> [Required work]
Please reproduce the entries exactly, skipping each picture.

Dataset items
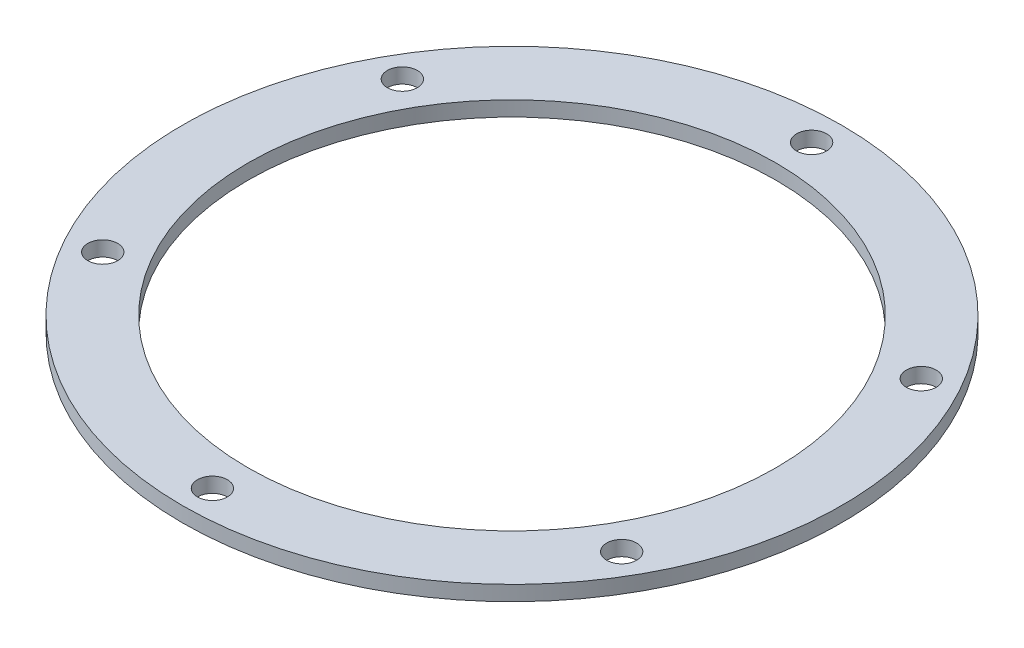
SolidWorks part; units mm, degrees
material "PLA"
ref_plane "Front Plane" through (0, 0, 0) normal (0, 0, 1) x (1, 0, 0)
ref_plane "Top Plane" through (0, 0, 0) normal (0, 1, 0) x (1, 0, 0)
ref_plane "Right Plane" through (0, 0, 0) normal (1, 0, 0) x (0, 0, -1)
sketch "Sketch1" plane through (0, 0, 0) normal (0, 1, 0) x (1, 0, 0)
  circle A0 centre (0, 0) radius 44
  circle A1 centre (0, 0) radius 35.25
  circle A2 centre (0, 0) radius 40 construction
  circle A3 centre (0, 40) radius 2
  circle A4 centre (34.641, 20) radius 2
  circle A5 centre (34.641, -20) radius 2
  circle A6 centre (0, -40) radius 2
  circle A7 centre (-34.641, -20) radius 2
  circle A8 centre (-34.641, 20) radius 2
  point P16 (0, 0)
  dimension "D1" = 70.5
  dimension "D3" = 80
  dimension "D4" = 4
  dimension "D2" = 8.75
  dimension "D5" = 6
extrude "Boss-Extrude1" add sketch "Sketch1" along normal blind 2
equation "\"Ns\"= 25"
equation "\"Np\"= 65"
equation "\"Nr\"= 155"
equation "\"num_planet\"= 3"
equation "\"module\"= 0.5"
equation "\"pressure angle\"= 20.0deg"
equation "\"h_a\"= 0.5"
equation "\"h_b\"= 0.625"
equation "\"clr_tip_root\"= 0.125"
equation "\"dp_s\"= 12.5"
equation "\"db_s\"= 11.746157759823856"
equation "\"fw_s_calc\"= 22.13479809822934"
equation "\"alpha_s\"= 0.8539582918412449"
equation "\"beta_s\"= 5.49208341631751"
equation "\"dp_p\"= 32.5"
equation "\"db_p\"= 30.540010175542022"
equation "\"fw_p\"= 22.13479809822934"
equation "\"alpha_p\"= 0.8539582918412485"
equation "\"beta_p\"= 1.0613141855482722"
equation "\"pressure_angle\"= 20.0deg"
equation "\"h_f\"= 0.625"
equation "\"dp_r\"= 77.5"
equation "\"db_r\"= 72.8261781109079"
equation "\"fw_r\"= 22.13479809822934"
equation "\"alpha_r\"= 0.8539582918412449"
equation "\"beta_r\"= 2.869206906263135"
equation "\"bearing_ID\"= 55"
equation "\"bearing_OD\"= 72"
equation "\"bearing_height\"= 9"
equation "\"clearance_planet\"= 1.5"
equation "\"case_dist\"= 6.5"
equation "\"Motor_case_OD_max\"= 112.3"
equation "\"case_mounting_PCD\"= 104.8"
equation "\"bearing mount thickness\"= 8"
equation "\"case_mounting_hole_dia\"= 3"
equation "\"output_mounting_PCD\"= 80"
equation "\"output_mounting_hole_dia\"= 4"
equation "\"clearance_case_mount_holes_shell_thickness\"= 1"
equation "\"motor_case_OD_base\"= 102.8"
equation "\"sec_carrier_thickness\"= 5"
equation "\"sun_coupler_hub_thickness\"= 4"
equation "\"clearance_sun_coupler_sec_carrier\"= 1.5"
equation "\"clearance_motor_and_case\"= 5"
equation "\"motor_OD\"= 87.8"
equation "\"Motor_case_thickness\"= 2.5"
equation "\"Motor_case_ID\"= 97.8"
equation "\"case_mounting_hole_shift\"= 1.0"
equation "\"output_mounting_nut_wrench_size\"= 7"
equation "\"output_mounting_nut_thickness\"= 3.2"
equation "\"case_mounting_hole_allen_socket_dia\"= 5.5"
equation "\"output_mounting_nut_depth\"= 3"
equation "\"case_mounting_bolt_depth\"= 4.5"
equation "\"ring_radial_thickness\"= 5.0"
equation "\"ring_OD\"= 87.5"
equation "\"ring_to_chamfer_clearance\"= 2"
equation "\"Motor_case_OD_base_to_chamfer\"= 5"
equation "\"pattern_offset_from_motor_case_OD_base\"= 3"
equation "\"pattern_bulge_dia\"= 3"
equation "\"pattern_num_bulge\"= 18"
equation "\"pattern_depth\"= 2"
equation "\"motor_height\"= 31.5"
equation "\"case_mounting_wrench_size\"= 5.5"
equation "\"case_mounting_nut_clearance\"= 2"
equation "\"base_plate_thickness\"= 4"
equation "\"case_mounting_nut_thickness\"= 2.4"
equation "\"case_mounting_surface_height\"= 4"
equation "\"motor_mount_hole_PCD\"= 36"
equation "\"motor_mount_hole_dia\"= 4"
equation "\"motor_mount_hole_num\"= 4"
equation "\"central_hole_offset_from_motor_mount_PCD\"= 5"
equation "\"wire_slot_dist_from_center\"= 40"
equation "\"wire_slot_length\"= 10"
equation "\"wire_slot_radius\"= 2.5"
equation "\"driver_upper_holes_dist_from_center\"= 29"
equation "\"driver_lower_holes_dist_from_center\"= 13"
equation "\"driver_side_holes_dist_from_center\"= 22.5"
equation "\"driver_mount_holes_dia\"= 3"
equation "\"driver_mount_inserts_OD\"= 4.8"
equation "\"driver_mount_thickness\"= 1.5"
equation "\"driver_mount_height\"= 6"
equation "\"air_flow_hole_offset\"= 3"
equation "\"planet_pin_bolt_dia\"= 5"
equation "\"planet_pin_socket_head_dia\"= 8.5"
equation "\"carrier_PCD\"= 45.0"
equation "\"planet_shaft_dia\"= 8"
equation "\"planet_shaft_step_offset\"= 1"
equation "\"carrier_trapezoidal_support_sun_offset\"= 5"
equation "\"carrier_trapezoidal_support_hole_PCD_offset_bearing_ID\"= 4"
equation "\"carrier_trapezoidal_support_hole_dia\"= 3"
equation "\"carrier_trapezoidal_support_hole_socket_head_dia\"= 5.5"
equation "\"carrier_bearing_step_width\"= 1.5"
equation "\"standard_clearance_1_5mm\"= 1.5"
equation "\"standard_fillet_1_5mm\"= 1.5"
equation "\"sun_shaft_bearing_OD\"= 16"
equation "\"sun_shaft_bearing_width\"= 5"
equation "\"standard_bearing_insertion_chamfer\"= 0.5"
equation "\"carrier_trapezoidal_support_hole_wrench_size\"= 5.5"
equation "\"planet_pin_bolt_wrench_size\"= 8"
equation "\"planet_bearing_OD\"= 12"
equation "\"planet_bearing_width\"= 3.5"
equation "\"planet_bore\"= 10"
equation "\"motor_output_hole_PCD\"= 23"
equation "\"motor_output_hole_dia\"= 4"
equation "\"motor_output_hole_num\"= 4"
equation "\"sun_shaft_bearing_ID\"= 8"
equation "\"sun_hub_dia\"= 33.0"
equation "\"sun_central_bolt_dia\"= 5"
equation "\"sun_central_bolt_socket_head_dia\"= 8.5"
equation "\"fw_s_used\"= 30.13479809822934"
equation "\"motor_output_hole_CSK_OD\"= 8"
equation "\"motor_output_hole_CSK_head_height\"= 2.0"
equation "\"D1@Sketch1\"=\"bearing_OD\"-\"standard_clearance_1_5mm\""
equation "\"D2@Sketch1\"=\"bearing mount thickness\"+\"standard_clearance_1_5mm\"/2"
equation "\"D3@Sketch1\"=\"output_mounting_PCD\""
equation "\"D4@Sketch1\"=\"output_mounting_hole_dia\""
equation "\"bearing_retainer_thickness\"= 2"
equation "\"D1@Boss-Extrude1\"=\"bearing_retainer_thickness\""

> [Response area]
SolidWorks part; units mm, degrees
material "PLA"
ref_plane "Front Plane" through (0, 0, 0) normal (0, 0, 1) x (1, 0, 0)
ref_plane "Top Plane" through (0, 0, 0) normal (0, 1, 0) x (1, 0, 0)
ref_plane "Right Plane" through (0, 0, 0) normal (1, 0, 0) x (0, 0, -1)
sketch "Sketch1" plane through (0, 0, 0) normal (0, 1, 0) x (1, 0, 0)
  circle A0 centre (0, 0) radius 44
  circle A1 centre (0, 0) radius 35.25
  circle A2 centre (0, 0) radius 40 construction
  circle A3 centre (0, 40) radius 2
  circle A4 centre (34.641, 20) radius 2
  circle A5 centre (34.641, -20) radius 2
  circle A6 centre (0, -40) radius 2
  circle A7 centre (-34.641, -20) radius 2
  circle A8 centre (-34.641, 20) radius 2
  point P16 (0, 0)
  dimension "D1" = 70.5
  dimension "D3" = 80
  dimension "D4" = 4
  dimension "D2" = 8.75
  dimension "D5" = 6
extrude "Boss-Extrude1" add sketch "Sketch1" along normal blind 2
equation "\"Ns\"= 25"
equation "\"Np\"= 65"
equation "\"Nr\"= 155"
equation "\"num_planet\"= 3"
equation "\"module\"= 0.5"
equation "\"pressure angle\"= 20.0deg"
equation "\"h_a\"= 0.5"
equation "\"h_b\"= 0.625"
equation "\"clr_tip_root\"= 0.125"
equation "\"dp_s\"= 12.5"
equation "\"db_s\"= 11.746157759823856"
equation "\"fw_s_calc\"= 22.13479809822934"
equation "\"alpha_s\"= 0.8539582918412449"
equation "\"beta_s\"= 5.49208341631751"
equation "\"dp_p\"= 32.5"
equation "\"db_p\"= 30.540010175542022"
equation "\"fw_p\"= 22.13479809822934"
equation "\"alpha_p\"= 0.8539582918412485"
equation "\"beta_p\"= 1.0613141855482722"
equation "\"pressure_angle\"= 20.0deg"
equation "\"h_f\"= 0.625"
equation "\"dp_r\"= 77.5"
equation "\"db_r\"= 72.8261781109079"
equation "\"fw_r\"= 22.13479809822934"
equation "\"alpha_r\"= 0.8539582918412449"
equation "\"beta_r\"= 2.869206906263135"
equation "\"bearing_ID\"= 55"
equation "\"bearing_OD\"= 72"
equation "\"bearing_height\"= 9"
equation "\"clearance_planet\"= 1.5"
equation "\"case_dist\"= 6.5"
equation "\"Motor_case_OD_max\"= 112.3"
equation "\"case_mounting_PCD\"= 104.8"
equation "\"bearing mount thickness\"= 8"
equation "\"case_mounting_hole_dia\"= 3"
equation "\"output_mounting_PCD\"= 80"
equation "\"output_mounting_hole_dia\"= 4"
equation "\"clearance_case_mount_holes_shell_thickness\"= 1"
equation "\"motor_case_OD_base\"= 102.8"
equation "\"sec_carrier_thickness\"= 5"
equation "\"sun_coupler_hub_thickness\"= 4"
equation "\"clearance_sun_coupler_sec_carrier\"= 1.5"
equation "\"clearance_motor_and_case\"= 5"
equation "\"motor_OD\"= 87.8"
equation "\"Motor_case_thickness\"= 2.5"
equation "\"Motor_case_ID\"= 97.8"
equation "\"case_mounting_hole_shift\"= 1.0"
equation "\"output_mounting_nut_wrench_size\"= 7"
equation "\"output_mounting_nut_thickness\"= 3.2"
equation "\"case_mounting_hole_allen_socket_dia\"= 5.5"
equation "\"output_mounting_nut_depth\"= 3"
equation "\"case_mounting_bolt_depth\"= 4.5"
equation "\"ring_radial_thickness\"= 5.0"
equation "\"ring_OD\"= 87.5"
equation "\"ring_to_chamfer_clearance\"= 2"
equation "\"Motor_case_OD_base_to_chamfer\"= 5"
equation "\"pattern_offset_from_motor_case_OD_base\"= 3"
equation "\"pattern_bulge_dia\"= 3"
equation "\"pattern_num_bulge\"= 18"
equation "\"pattern_depth\"= 2"
equation "\"motor_height\"= 31.5"
equation "\"case_mounting_wrench_size\"= 5.5"
equation "\"case_mounting_nut_clearance\"= 2"
equation "\"base_plate_thickness\"= 4"
equation "\"case_mounting_nut_thickness\"= 2.4"
equation "\"case_mounting_surface_height\"= 4"
equation "\"motor_mount_hole_PCD\"= 36"
equation "\"motor_mount_hole_dia\"= 4"
equation "\"motor_mount_hole_num\"= 4"
equation "\"central_hole_offset_from_motor_mount_PCD\"= 5"
equation "\"wire_slot_dist_from_center\"= 40"
equation "\"wire_slot_length\"= 10"
equation "\"wire_slot_radius\"= 2.5"
equation "\"driver_upper_holes_dist_from_center\"= 29"
equation "\"driver_lower_holes_dist_from_center\"= 13"
equation "\"driver_side_holes_dist_from_center\"= 22.5"
equation "\"driver_mount_holes_dia\"= 3"
equation "\"driver_mount_inserts_OD\"= 4.8"
equation "\"driver_mount_thickness\"= 1.5"
equation "\"driver_mount_height\"= 6"
equation "\"air_flow_hole_offset\"= 3"
equation "\"planet_pin_bolt_dia\"= 5"
equation "\"planet_pin_socket_head_dia\"= 8.5"
equation "\"carrier_PCD\"= 45.0"
equation "\"planet_shaft_dia\"= 8"
equation "\"planet_shaft_step_offset\"= 1"
equation "\"carrier_trapezoidal_support_sun_offset\"= 5"
equation "\"carrier_trapezoidal_support_hole_PCD_offset_bearing_ID\"= 4"
equation "\"carrier_trapezoidal_support_hole_dia\"= 3"
equation "\"carrier_trapezoidal_support_hole_socket_head_dia\"= 5.5"
equation "\"carrier_bearing_step_width\"= 1.5"
equation "\"standard_clearance_1_5mm\"= 1.5"
equation "\"standard_fillet_1_5mm\"= 1.5"
equation "\"sun_shaft_bearing_OD\"= 16"
equation "\"sun_shaft_bearing_width\"= 5"
equation "\"standard_bearing_insertion_chamfer\"= 0.5"
equation "\"carrier_trapezoidal_support_hole_wrench_size\"= 5.5"
equation "\"planet_pin_bolt_wrench_size\"= 8"
equation "\"planet_bearing_OD\"= 12"
equation "\"planet_bearing_width\"= 3.5"
equation "\"planet_bore\"= 10"
equation "\"motor_output_hole_PCD\"= 23"
equation "\"motor_output_hole_dia\"= 4"
equation "\"motor_output_hole_num\"= 4"
equation "\"sun_shaft_bearing_ID\"= 8"
equation "\"sun_hub_dia\"= 33.0"
equation "\"sun_central_bolt_dia\"= 5"
equation "\"sun_central_bolt_socket_head_dia\"= 8.5"
equation "\"fw_s_used\"= 30.13479809822934"
equation "\"motor_output_hole_CSK_OD\"= 8"
equation "\"motor_output_hole_CSK_head_height\"= 2.0"
equation "\"D1@Sketch1\"=\"bearing_OD\"-\"standard_clearance_1_5mm\""
equation "\"D2@Sketch1\"=\"bearing mount thickness\"+\"standard_clearance_1_5mm\"/2"
equation "\"D3@Sketch1\"=\"output_mounting_PCD\""
equation "\"D4@Sketch1\"=\"output_mounting_hole_dia\""
equation "\"bearing_retainer_thickness\"= 2"
equation "\"D1@Boss-Extrude1\"=\"bearing_retainer_thickness\""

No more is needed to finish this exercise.